SUPPORTING INFORMATION The conference poster for this abstract is available online in the Supporting Information section at the end of this page.
P62 (A70)
Abstract withdrawn
P63
Logistic regression is equivalent to machine learning models to discriminate between type 1 and type 2 diabetes
LA Ferrat1, JM Dennis1, KR Owen2,3, RA Oram1, AG Jones1, BM Shields1, AL Lynam1
1Institute of Biomedical and Clinical Science, University of Exeter, Exeter, UK, 2Oxford Centre for Diabetes Endocrinology and Metabolism, University of Oxford, Oxford, UK, 3Oxford NIHR Biomedical Research Centre, University of Oxford, Oxford, UK
Background and objectives The use of machine learning to improve prognostic and diagnostic models has been increasing in medical research. We aimed to compare logistic regression and five optimised machine learning algorithms performance to predict if a patient diagnosed with diabetes has type 1 diabetes (vs type 2 diabetes).
Methods We used three pre-specified predictor variables (age, BMI and GADA islet-autoantibodies) using a UK cohort of adult participants (aged 18–50 years) with clinically diagnosed diabetes recruited from primary and secondary care (n=1,036, 13% type 1 diabetes). Discrimination performance (ROC AUC) and calibration of each model were compared in a separate external test dataset (n=549, 22% type 1 diabetes).
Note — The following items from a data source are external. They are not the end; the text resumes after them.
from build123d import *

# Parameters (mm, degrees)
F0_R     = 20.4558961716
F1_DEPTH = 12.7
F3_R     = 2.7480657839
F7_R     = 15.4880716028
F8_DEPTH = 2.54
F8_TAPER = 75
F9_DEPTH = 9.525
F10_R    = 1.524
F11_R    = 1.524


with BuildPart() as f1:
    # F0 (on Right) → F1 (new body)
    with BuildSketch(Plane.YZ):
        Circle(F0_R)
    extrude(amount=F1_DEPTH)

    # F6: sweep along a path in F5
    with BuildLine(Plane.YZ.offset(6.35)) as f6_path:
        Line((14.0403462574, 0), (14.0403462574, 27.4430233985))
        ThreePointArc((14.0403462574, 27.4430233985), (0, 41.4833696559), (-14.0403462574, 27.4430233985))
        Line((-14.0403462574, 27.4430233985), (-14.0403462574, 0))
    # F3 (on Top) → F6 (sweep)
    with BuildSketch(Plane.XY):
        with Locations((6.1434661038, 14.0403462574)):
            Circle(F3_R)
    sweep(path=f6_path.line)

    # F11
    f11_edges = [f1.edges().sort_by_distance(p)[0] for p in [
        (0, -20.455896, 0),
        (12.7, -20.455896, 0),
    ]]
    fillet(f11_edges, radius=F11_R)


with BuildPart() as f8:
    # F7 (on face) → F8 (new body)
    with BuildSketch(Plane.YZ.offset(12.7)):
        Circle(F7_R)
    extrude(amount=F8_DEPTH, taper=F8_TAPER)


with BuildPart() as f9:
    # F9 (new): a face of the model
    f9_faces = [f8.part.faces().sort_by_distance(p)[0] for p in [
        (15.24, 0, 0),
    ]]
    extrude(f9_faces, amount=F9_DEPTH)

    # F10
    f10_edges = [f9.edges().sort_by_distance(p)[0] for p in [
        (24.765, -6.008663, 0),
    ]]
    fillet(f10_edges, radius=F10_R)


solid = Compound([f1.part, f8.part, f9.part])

Results Average performance obtained in model training was similar in all models. Discrimination was good for all models (ROC AUC >= 0.94 with 5 fold-cross validation). In external validation, decreases in performance were observed in all models (ROC AUC >= 0.92). Logistic regression was the model with the best ROC AUC performances in external validation. Logistic regression, neural networks and support vector machine demonstrated a good calibration, superior to the other models.
Conclusion Logistic regression as well as optimised machine algorithms were performed to classify patients with type 1 and type 2 diabetes. This study highlights the utility of comparing traditional regression modelling to machine learning, particularly when using a small number of well understood, strong predictor variables.